### What to work on
Which lines of the entries below include "through"? List them all.
───── Supplied material ─────
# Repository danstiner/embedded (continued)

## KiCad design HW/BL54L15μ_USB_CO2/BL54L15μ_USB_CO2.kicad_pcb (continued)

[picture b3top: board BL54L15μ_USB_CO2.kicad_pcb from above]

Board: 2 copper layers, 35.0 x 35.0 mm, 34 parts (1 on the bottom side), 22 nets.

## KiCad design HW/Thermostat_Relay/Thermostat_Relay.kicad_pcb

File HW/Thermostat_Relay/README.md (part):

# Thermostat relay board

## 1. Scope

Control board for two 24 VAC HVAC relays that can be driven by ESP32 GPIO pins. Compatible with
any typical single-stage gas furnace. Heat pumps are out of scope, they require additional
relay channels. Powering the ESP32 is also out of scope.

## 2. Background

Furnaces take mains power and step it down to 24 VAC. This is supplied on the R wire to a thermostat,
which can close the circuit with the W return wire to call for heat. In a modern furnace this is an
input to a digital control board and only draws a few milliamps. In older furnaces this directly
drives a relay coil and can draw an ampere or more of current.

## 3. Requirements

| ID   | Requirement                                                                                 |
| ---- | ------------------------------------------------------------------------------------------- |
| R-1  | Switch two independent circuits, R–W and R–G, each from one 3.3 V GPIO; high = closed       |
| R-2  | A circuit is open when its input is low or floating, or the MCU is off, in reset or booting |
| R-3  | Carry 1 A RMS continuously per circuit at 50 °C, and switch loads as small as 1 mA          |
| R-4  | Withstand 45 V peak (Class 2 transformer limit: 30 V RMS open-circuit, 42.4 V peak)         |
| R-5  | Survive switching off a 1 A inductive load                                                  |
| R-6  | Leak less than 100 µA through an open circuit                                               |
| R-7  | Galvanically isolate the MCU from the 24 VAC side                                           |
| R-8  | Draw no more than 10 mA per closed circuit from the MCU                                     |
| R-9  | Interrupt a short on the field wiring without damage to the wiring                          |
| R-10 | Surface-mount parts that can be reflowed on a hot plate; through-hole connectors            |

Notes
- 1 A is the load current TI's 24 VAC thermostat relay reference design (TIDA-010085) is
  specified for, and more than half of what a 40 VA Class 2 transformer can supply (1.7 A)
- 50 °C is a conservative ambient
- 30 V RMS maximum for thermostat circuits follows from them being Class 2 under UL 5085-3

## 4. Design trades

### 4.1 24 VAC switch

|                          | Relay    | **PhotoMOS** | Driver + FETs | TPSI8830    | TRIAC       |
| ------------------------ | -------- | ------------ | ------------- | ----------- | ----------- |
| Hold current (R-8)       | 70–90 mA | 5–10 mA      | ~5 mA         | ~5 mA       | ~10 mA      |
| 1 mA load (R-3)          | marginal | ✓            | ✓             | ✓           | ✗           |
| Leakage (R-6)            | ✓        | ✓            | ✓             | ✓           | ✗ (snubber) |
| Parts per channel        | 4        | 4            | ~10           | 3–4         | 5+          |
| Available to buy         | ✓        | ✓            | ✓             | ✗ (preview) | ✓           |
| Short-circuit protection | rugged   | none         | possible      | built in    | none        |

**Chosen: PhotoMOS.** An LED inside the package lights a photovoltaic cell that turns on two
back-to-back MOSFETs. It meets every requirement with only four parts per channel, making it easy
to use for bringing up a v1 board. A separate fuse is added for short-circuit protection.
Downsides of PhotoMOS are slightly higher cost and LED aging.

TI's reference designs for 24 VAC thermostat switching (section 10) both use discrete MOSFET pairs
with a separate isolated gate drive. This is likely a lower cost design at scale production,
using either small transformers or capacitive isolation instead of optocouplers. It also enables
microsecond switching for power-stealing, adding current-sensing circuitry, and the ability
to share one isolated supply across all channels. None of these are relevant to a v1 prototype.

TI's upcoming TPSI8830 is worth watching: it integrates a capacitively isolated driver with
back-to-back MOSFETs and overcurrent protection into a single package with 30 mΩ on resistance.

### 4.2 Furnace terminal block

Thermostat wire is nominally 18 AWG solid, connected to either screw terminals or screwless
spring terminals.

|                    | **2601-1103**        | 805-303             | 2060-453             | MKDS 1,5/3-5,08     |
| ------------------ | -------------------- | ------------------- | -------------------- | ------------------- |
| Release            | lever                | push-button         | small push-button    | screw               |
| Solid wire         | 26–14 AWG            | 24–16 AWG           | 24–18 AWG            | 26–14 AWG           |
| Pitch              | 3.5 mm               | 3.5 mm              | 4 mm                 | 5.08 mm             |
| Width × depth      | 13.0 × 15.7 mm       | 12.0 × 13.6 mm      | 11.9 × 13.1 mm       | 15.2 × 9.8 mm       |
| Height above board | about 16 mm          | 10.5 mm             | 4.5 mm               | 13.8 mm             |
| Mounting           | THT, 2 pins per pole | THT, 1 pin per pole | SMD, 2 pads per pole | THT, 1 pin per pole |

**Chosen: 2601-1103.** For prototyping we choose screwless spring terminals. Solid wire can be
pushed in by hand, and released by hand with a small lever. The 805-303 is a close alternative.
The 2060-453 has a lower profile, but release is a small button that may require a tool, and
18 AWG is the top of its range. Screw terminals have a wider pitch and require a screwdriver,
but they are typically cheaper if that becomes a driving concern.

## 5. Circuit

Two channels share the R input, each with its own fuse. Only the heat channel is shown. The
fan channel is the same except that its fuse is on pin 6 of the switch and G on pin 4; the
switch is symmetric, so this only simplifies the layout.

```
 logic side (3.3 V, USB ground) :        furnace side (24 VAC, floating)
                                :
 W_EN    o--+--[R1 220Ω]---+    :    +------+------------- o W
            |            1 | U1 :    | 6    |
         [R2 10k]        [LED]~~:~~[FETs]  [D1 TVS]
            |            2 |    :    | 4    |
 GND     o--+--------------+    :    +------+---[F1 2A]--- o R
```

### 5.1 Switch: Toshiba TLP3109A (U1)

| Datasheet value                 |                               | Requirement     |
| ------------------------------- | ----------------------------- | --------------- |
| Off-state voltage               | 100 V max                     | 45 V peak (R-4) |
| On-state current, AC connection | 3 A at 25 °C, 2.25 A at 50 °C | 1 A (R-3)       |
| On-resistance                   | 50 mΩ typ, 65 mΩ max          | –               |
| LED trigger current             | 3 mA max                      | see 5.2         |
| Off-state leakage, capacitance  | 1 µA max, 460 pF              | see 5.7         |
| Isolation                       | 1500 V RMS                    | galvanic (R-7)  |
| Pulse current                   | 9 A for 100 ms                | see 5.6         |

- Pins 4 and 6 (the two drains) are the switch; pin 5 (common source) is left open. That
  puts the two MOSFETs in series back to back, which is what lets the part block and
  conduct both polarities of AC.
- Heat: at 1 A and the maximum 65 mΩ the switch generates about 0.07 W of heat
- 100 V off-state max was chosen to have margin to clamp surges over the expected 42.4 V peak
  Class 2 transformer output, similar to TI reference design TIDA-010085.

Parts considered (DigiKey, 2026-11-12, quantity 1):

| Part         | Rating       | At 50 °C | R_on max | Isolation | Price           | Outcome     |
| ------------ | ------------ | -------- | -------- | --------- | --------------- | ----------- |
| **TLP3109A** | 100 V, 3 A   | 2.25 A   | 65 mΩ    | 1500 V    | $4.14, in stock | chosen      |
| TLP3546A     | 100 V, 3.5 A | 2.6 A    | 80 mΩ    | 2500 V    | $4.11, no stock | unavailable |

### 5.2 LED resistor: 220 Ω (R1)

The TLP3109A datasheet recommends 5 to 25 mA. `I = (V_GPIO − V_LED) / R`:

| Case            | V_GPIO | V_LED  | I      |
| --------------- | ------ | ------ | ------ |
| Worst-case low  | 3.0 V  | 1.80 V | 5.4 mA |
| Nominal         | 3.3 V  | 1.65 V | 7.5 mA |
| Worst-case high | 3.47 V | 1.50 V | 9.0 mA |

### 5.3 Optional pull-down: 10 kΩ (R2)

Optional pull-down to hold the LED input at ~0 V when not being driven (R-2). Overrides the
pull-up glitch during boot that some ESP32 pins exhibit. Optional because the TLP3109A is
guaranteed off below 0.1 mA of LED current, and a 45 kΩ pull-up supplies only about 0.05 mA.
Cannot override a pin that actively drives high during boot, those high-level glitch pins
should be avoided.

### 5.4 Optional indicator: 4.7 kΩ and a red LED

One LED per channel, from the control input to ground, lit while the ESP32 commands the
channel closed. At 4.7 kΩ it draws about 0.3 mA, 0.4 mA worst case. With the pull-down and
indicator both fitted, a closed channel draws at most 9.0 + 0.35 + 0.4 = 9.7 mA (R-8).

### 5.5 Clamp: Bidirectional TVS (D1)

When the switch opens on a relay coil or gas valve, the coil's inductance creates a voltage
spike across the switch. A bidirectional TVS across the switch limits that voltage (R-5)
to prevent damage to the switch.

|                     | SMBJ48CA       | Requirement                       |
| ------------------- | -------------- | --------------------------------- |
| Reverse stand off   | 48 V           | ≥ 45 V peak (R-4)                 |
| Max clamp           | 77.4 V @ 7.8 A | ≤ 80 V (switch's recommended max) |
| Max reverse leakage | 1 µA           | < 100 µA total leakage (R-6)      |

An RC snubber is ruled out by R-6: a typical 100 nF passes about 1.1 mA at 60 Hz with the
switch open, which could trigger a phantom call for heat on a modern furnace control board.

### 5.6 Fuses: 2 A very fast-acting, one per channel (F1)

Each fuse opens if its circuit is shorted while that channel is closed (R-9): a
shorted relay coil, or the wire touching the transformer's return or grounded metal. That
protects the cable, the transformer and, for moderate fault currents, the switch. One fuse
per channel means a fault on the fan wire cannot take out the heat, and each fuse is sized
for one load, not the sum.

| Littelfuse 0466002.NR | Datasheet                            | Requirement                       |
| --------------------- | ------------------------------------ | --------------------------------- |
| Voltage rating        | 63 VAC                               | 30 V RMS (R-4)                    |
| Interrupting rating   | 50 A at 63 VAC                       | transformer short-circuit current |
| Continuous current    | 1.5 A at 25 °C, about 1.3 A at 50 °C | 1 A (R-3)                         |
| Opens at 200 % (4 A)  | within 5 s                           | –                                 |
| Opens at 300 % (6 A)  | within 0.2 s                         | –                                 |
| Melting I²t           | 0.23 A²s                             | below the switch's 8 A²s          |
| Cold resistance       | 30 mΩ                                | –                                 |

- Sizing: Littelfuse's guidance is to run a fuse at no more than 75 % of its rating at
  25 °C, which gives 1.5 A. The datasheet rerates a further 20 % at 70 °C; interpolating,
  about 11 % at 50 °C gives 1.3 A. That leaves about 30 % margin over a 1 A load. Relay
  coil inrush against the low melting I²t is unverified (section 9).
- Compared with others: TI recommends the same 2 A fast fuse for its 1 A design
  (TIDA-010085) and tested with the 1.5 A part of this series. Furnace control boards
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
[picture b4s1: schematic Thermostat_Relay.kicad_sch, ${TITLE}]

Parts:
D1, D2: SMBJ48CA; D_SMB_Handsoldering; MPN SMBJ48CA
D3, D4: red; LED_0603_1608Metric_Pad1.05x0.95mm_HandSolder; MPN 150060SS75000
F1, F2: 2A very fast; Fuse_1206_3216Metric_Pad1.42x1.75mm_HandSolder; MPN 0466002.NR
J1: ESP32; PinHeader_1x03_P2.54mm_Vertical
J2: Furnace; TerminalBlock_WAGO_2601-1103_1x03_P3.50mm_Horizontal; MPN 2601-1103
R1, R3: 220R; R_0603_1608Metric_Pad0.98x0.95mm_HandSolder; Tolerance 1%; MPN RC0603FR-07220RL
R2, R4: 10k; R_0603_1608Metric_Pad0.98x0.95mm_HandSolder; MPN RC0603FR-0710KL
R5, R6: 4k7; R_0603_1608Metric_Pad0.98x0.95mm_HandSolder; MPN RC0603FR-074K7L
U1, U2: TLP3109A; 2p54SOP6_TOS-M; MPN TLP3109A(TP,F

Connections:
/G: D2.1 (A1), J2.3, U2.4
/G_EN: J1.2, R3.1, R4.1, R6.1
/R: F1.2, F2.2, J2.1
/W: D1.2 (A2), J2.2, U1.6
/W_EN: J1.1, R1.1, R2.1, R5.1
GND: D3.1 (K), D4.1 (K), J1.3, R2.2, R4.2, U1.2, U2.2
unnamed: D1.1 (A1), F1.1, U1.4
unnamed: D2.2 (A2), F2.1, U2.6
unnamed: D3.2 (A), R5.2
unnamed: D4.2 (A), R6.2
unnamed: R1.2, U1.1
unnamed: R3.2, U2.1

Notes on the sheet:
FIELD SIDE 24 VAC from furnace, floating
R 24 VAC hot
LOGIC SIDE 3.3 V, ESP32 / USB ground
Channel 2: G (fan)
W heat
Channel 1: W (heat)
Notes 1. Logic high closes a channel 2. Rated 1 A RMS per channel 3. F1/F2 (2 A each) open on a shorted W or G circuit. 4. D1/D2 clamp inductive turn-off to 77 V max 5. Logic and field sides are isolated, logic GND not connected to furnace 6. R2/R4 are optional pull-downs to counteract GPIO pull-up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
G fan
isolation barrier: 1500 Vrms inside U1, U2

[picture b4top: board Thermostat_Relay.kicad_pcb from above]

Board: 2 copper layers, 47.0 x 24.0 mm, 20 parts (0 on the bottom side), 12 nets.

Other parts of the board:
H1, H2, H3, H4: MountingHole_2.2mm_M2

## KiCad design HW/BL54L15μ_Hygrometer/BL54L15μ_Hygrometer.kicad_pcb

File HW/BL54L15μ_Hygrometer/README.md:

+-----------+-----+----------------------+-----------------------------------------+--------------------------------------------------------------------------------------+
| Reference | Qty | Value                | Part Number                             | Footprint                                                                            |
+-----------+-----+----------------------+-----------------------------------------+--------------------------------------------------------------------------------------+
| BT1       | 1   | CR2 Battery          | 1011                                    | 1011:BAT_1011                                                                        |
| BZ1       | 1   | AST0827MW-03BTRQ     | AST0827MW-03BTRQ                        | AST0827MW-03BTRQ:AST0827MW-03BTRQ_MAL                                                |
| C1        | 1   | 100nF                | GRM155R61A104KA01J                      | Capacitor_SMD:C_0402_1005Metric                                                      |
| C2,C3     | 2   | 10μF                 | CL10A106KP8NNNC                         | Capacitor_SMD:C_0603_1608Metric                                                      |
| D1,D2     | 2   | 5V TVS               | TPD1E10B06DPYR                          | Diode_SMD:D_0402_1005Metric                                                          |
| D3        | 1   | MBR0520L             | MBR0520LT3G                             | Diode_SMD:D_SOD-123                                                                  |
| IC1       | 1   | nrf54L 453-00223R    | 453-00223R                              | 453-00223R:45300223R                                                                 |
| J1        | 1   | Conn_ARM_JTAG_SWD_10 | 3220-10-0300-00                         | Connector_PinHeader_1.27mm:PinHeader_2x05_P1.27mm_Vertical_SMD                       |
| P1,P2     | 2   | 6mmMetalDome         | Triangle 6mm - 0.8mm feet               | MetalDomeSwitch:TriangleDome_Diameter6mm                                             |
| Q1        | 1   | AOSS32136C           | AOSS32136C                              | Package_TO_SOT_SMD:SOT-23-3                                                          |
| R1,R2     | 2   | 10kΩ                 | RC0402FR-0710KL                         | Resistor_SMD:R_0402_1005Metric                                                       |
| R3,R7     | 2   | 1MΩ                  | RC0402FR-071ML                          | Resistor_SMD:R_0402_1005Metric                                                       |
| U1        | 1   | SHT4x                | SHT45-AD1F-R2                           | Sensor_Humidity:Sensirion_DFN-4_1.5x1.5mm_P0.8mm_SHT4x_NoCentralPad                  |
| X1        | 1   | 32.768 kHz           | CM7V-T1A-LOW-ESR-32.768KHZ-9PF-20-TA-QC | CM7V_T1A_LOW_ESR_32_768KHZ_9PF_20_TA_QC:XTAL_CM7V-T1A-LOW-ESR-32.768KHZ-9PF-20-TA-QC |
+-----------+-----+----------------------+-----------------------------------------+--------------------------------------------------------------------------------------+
─────
### Result for this exercise
| R-6  | Leak less than 100 µA through an open circuit                                               |
| R-10 | Surface-mount parts that can be reflowed on a hot plate; through-hole connectors            |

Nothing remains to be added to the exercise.